De ce passé vécu comme une résistance, il en reste un sentiment de force qui ne s’applique plus à rien, sinon à la lecture du patrimoine et à séduire des visiteurs de passage qui apprennent à trouver des spécialités qui semblent ressorties des placards de la grand-mère : les griottes (la visciola et l’amarena) à l’origine de marmelades et de conserves et le pain (Il pane di Chiaserna) que relaient des promenades botaniques où on leur promet de rencontrer également les loups et les chèvres pour une sorte de conte de Monsieur Seguin. Plusieurs boutiques sont là pour témoigner de la redécouverte de ces trésors redevenus précieux en un siècle uniforme. Il est vrai que j’ai vu plusieurs fois le patron du restaurant venir retourner les bocaux de griottes alcoolisées qui vieillissent au soleil, dans un geste méthodique.

Mais Cantiano, avec ses personnages modestes, célèbres et quotidiens…je n’ai pas cité les Juges que je viens de croiser, pas plus que Marie-Madeleine qui nous a rejoint, se retrouve autour et avec la Turba. Impossible de trouver qui pourra me donner une explication du nom de cette grande fête du Vendredi Saint. Sinon que la Turba, c’est la foule mélangée, celle qui s’écoule comme un tourbillon incertain. Par contre on me parle plus simplement des temps troublés des affrontements entre Guelfes et Gibelins, de la souffrance des pauvres gens, du rôle des flagellants qui parcourent les provinces. «  L’un popolo processionalmente, talora fino al numero di dieci e ventimila persone, si portava alla città vicina, e quivi nella cattedrale si disciplinava a sangue, gridando misericordia a Dio e pace tra la gente. Commosso il popolodi quest’altra città andava poscia all’altra, dilabierà che non passo il verno che si dilatò una tal novità anche oltremonte e giunse in Provenza e Germania… »

De siècle en siècle, la procession qui n’est ni théâtre, ni célébration religieuse, mais une sorte de cliché instantané que l’on retrouve sous divers traits dans d’autres villes italiennes et européennes, est devenue un rendez-vous communautaire ; un partage qui a pris sa forme actuelle dans les années quarante et cinquante. Elle a rejoint d’autres Passions, dans un cadre associatif européen, au sein d’europassion.
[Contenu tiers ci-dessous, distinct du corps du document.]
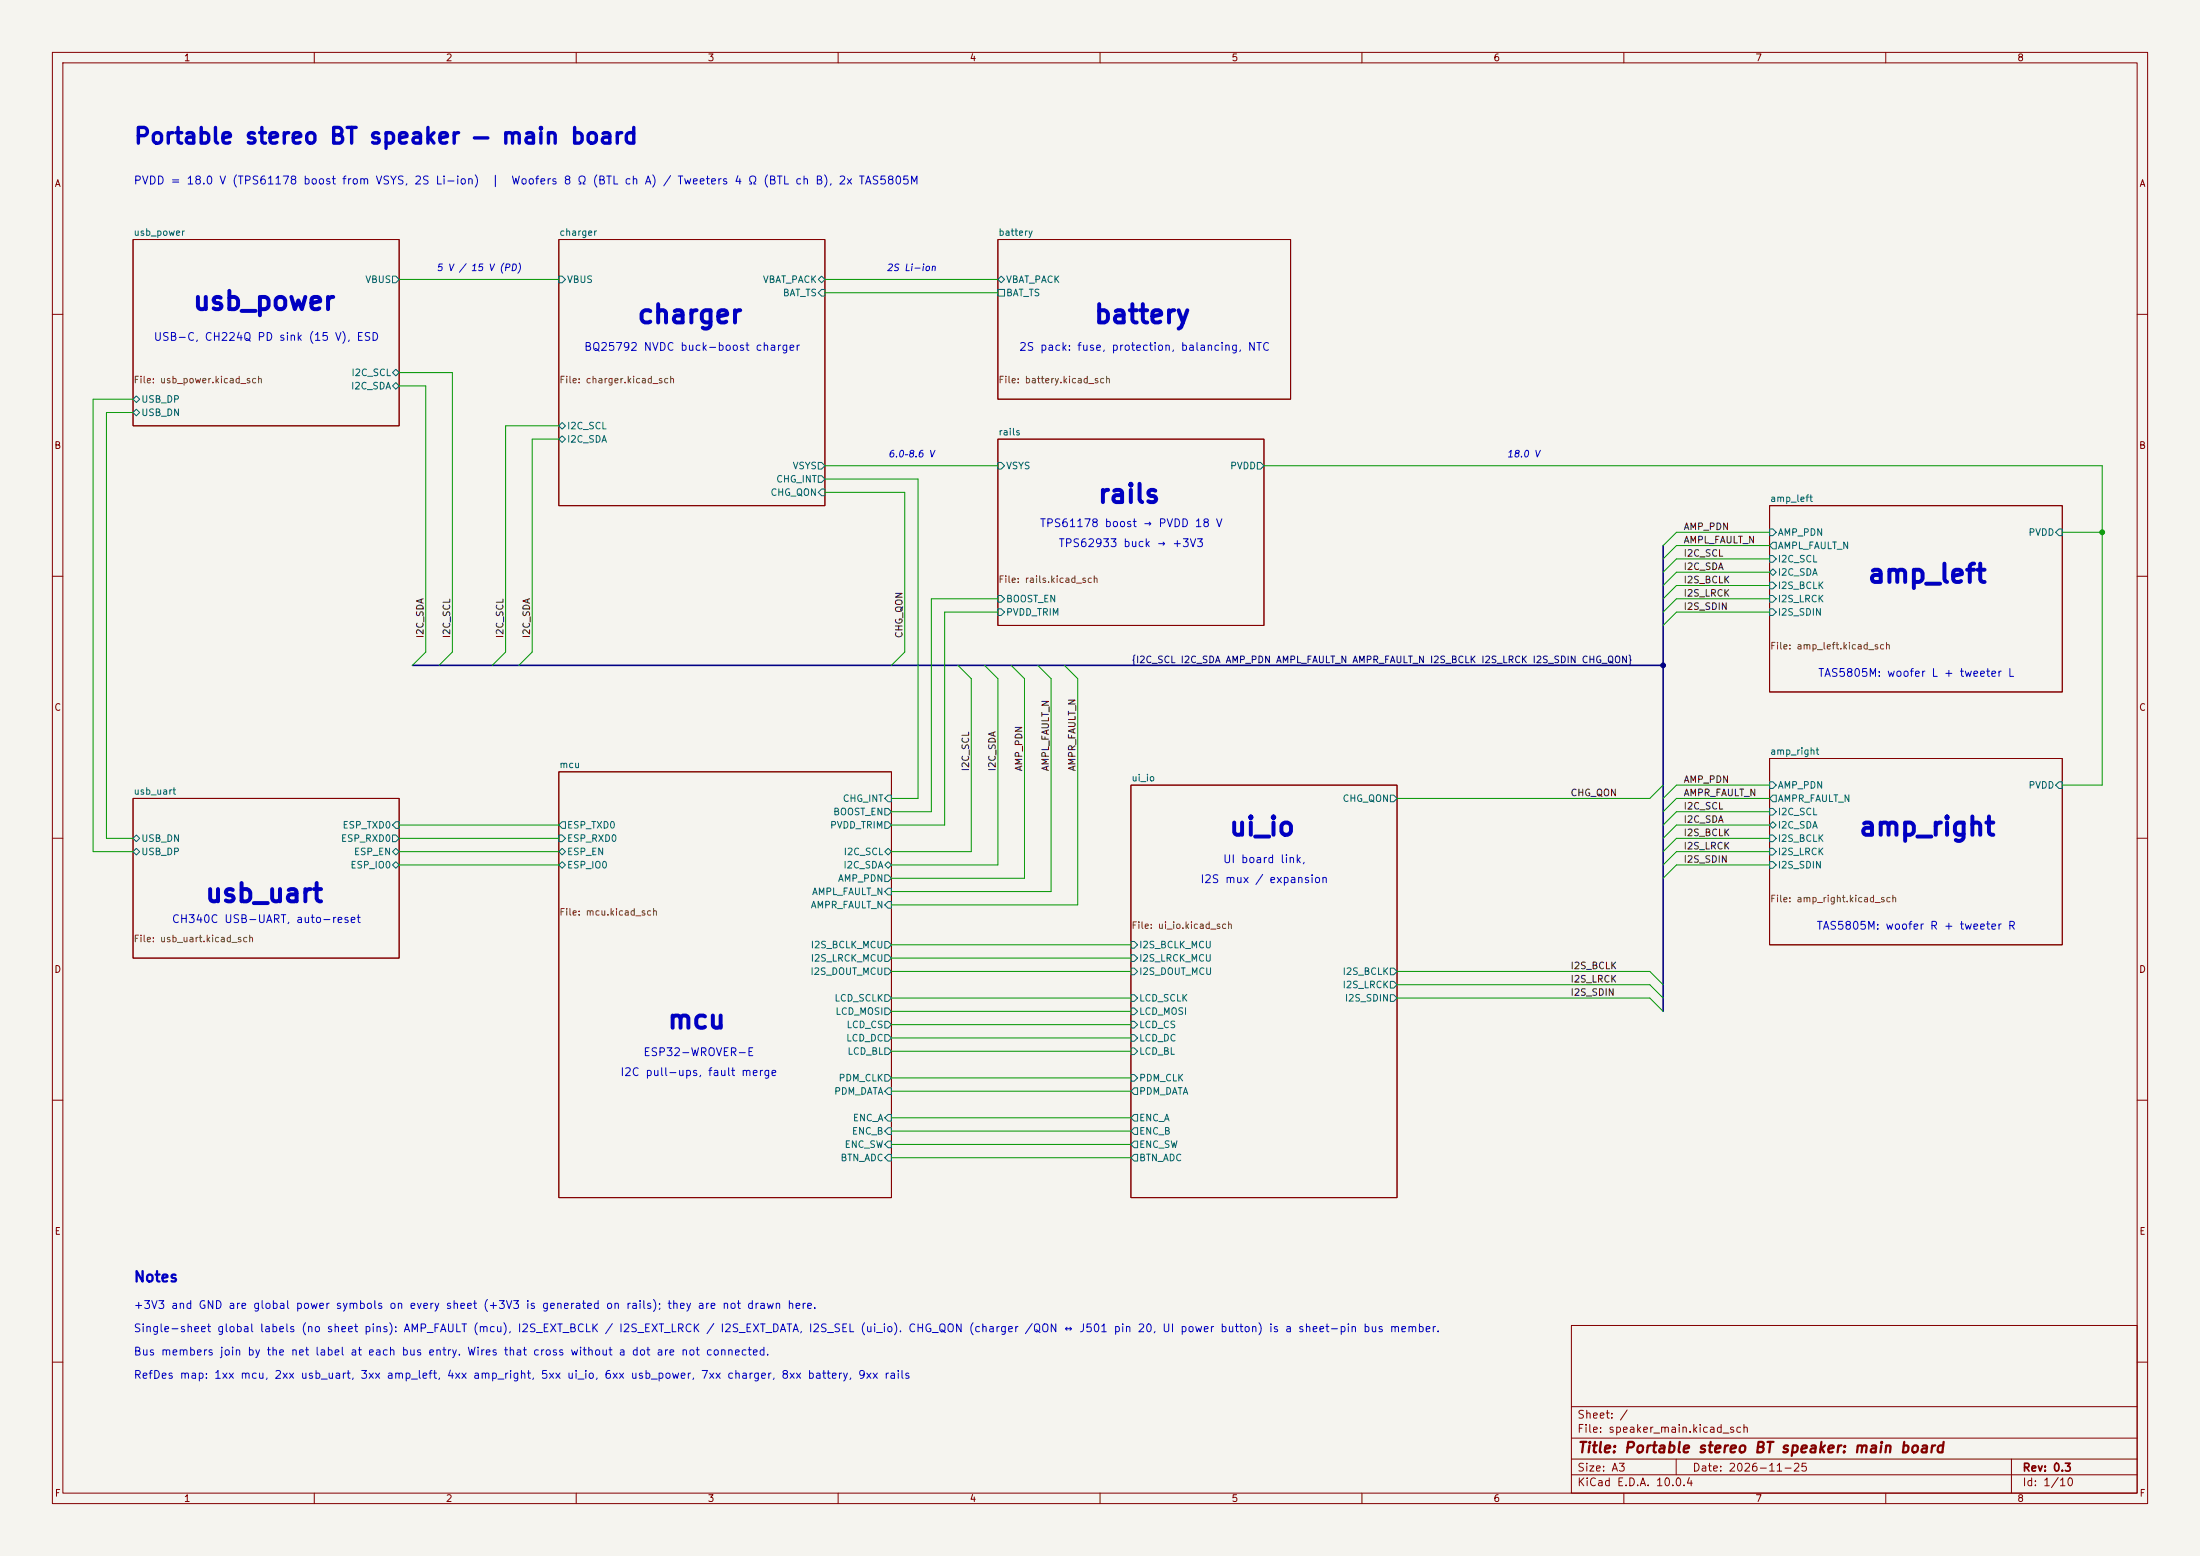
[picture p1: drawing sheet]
<svg xmlns="http://www.w3.org/2000/svg" width="420mm" height="297mm" viewBox="0 0 420 297" stroke-linecap="round" stroke-linejoin="round" font-family="sans-serif">
<path d="M0 0h420v297h-420z" fill="#f5f4ef" stroke="#f5f4ef" stroke-width=".19"/>
<g fill="none" stroke="#840000" stroke-width=".19">
<path d="M10 10h400v277h-400zM12 12h396v273h-396zM60 10v2M110 10v2M160 10v2M210 10v2M260 10v2M310 10v2M360 10v2M25.4 45.7h50.8v35.6h-50.8zM106.7 45.7h50.8v50.8h-50.8zM190.5 45.7h55.9v30.5h-55.9z"/>
<path d="M10 60h2M408 60h2M190.5 83.8h50.8v35.6h-50.8zM337.8 96.5h55.9v35.6h-55.9zM10 110h2M408 110h2M10 160h2M25.4 152.4h50.8v30.5h-50.8zM106.7 147.3h63.5v81.3h-63.5zM215.9 149.9h50.8v78.7h-50.8zM337.8 144.8h55.9v35.5h-55.9zM408 160h2"/>
<path d="M10 210h2M408 210h2M300 253h108v32h-108zM10 260h2M300 278.5h108M300 274.5h108M300 268.5h108M320 278.5v3M384 278.5v6.5M408 260h2M60 285v2M110 285v2"/>
<path d="M160 285v2M210 285v2M260 285v2M300 281.5h108M310 285v2M360 285v2"/>
</g>
<g fill="none" stroke="#006464" stroke-width=".19">
<path d="M74.9 52.7h.7l.6 .6-.6 .7h-.7zM106.7 52.7h.6l.6 .6-.6 .7h-.6zM156.2 53.3l.6-.6 .7 .6-.7 .7zM156.8 55.2h.7v1.3h-.7l-.6-.6zM190.5 53.3l.6-.6 .7 .6-.7 .7zM190.5 55.2h1.3v1.3h-1.3zM25.4 78.7l.6-.6 .7 .6-.7 .7zM25.4 76.2l.6-.6 .7 .6-.7 .6zM74.9 71.1l.7-.6 .6 .6-.6 .7zM74.9 73.7l.7-.7 .6 .7-.6 .6zM106.7 81.3l.6-.7 .6 .7-.6 .6zM107.3 83.2l.6 .6-.6 .7-.6-.7z"/>
<path d="M156.2 90.8h.6l.7 .6-.7 .7h-.6zM156.2 88.3h.6l.7 .6-.7 .6h-.6zM156.8 93.3h.7v1.3h-.7l-.6-.6zM190.5 88.3h.6l.7 .6-.7 .6h-.6zM240 88.3h.7l.6 .6-.6 .6h-.7zM190.5 113.7h.6l.7 .6-.7 .6h-.6zM190.5 116.2h.6l.7 .6-.7 .7h-.6zM337.8 101h.7l.6 .6-.6 .6h-.7zM337.8 106h.7l.6 .7-.6 .6h-.7zM337.8 109.2l.7-.6 .6 .6-.6 .7zM337.8 113.7h.7l.6 .6-.6 .6h-.7zM337.8 111.1h.7l.6 .7-.6 .6h-.7z"/>
<path d="M337.8 116.2h.7l.6 .6-.6 .7h-.7zM338.5 103.5h.6v1.3h-.6l-.7-.7zM393.1 101h.6v1.2h-.6l-.7-.6zM74.9 159.4h.7l.6 .6-.6 .7h-.7zM75.6 156.8h.6v1.3h-.6l-.7-.6zM106.7 159.4h.6l.6 .6-.6 .7h-.6zM107.3 156.8h.6v1.3h-.6l-.6-.6zM168.9 154.3h.6l.7 .6-.7 .7h-.6zM168.9 156.8h.6l.7 .7-.7 .6h-.6zM169.5 151.8h.7v1.2h-.7l-.6-.6zM265.4 151.8h.7l.6 .6-.6 .6h-.7zM337.8 149.2h.7l.6 .7-.6 .6h-.7z"/>
<path d="M337.8 154.3h.7l.6 .6-.6 .7h-.7zM337.8 157.5l.7-.7 .6 .7-.6 .6zM337.8 159.4h.7l.6 .6-.6 .7h-.7zM338.5 151.8h.6v1.2h-.6l-.7-.6zM393.1 149.2h.6v1.3h-.6l-.7-.6zM25.4 162.6l.6-.7 .7 .7-.7 .6zM25.4 160l.6-.6 .7 .6-.7 .7zM74.9 162.6l.7-.7 .6 .7-.6 .6zM75.6 164.5l.6 .6-.6 .6-.7-.6zM106.7 162.6l.6-.7 .6 .7-.6 .6zM106.7 165.1l.6-.6 .6 .6-.6 .6zM168.9 167h.6l.7 .6-.7 .7h-.6z"/>
<path d="M168.9 165.1l.6-.6 .7 .6-.7 .6zM168.9 162.6l.6-.7 .7 .7-.7 .6zM168.9 179.7h.6l.7 .6-.7 .7h-.6zM169.5 172.1h.7v1.3h-.7l-.6-.7zM169.5 169.5h.7v1.3h-.7l-.6-.6zM215.9 179.7h.6l.7 .6-.7 .7h-.6zM337.8 161.9h.7l.6 .7-.6 .6h-.7zM337.8 164.5h.7l.6 .6-.6 .6h-.7zM168.9 184.8h.6l.7 .6-.7 .7h-.6zM168.9 197.5h.6l.7 .6-.7 .7h-.6zM168.9 194.9h.6l.7 .7-.7 .6h-.6zM168.9 189.9h.6l.7 .6-.7 .6h-.6z"/>
<path d="M168.9 192.4h.6l.7 .6-.7 .7h-.6zM168.9 182.2h.6l.7 .7-.7 .6h-.6zM215.9 182.2h.6l.7 .7-.7 .6h-.6zM215.9 184.8h.6l.7 .6-.7 .7h-.6zM215.9 189.9h.6l.7 .6-.7 .6h-.6zM215.9 192.4h.6l.7 .6-.7 .7h-.6zM215.9 194.9h.6l.7 .7-.7 .6h-.6zM215.9 197.5h.6l.7 .6-.7 .7h-.6zM265.4 184.8h.7l.6 .6-.6 .7h-.7zM265.4 187.3h.7l.6 .7-.6 .6h-.7zM265.4 189.9h.7l.6 .6-.6 .6h-.7zM168.9 205.1h.6l.7 .6-.7 .7h-.6z"/>
<path d="M168.9 200h.6l.7 .7-.7 .6h-.6zM169.5 207.6h.7v1.3h-.7l-.6-.6zM169.5 212.7h.7v1.3h-.7l-.6-.6zM169.5 215.3h.7v1.2h-.7l-.6-.6zM169.5 217.8h.7v1.3h-.7l-.6-.7zM215.9 200h.6l.7 .7-.7 .6h-.6zM215.9 205.1h.6l.7 .6-.7 .7h-.6zM215.9 215.9l.6-.6h.7v1.2h-.7zM216.5 207.6h.7v1.3h-.7l-.6-.6zM216.5 212.7h.7v1.3h-.7l-.6-.6zM216.5 217.8h.7v1.3h-.7l-.6-.7zM169.5 220.3h.7v1.3h-.7l-.6-.6z"/>
<path d="M216.5 220.3h.7v1.3h-.7l-.6-.6z"/>
</g>
<path d="M317.5 104.1v88.9M78.7 127h238.8" fill="none" stroke="#000084" stroke-width=".3"/>
<g fill="none" stroke="#009600" stroke-width=".19">
<path d="M76.2 53.3h30.5M157.5 53.3h33M157.5 55.9h33M25.4 76.2h-7.6v86.4h7.6M25.4 78.7h-5.1v81.3h5.1M76.2 71.1h10.2v53.4l-2.6 2.5M76.2 73.7h5.1v50.8l-2.6 2.5M106.7 81.3h-10.2v43.2l-2.5 2.5M106.7 83.8h-5.1v40.7l-2.5 2.5M157.5 91.4h17.8v61h-5.1M157.5 88.9h33M157.5 94h15.2v30.5l-2.5 2.5"/>
<path d="M241.3 88.9h160v61h-7.6M190.5 116.8h-10.2v40.7h-10.1M190.5 114.3h-12.7v40.6h-7.6M337.8 116.8h-17.8l-2.5 2.6M337.8 114.3h-17.8l-2.5 2.5M337.8 111.8h-17.8l-2.5 2.5M337.8 104.1h-17.8l-2.5 2.6M337.8 101.6h-17.8l-2.5 2.5M337.8 109.2h-17.8l-2.5 2.6M337.8 106.7h-17.8l-2.5 2.5M393.7 101.6h7.6M182.9 127l2.5 2.5v33.1h-15.2"/>
<path d="M188 127l2.5 2.5v35.6h-20.3M193 127l2.6 2.5v38.1h-25.4M198.1 127l2.6 2.5v40.7h-30.5M203.2 127l2.5 2.5v43.2h-35.5M76.2 157.5h30.5M317.5 149.9l-2.5 2.5h-48.3M337.8 157.5h-17.8l-2.5 2.5M337.8 154.9h-17.8l-2.5 2.6M337.8 149.9h-17.8l-2.5 2.5M337.8 152.4h-17.8l-2.5 2.5M76.2 165.1h30.5M76.2 162.6h30.5"/>
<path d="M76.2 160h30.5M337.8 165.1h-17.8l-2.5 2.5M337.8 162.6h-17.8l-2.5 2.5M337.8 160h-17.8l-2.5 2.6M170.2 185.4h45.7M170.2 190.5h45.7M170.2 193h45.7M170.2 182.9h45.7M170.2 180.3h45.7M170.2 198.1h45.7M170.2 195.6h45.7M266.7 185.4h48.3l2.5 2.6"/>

Cantiano est pour moi un retour. La relance d’un projet d’itinéraire interrompu du fait de la mobilité électorale italienne qui a fait disparaître une partie des communautés de montagne, « la Route Lübeck Rome, un parcours historique vers la Paix ». 

Cantiano est un point de ce parcours à partir duquel reconstruire le projet. Et Gino Traversini, ancien Maire et aujourd’hui Président de la communauté de montagne del Catria e Nerone tient à reprendre le fil cassé. Il porte d’ailleurs un nom où quelques immigrés luxembourgeois vont se reconnaître. Un cousinage qui parle lui aussi de l’Europe.

Et quelques rendez-vous en perspective dans les mois qui viennent, après tant d’autres durant l’année passée.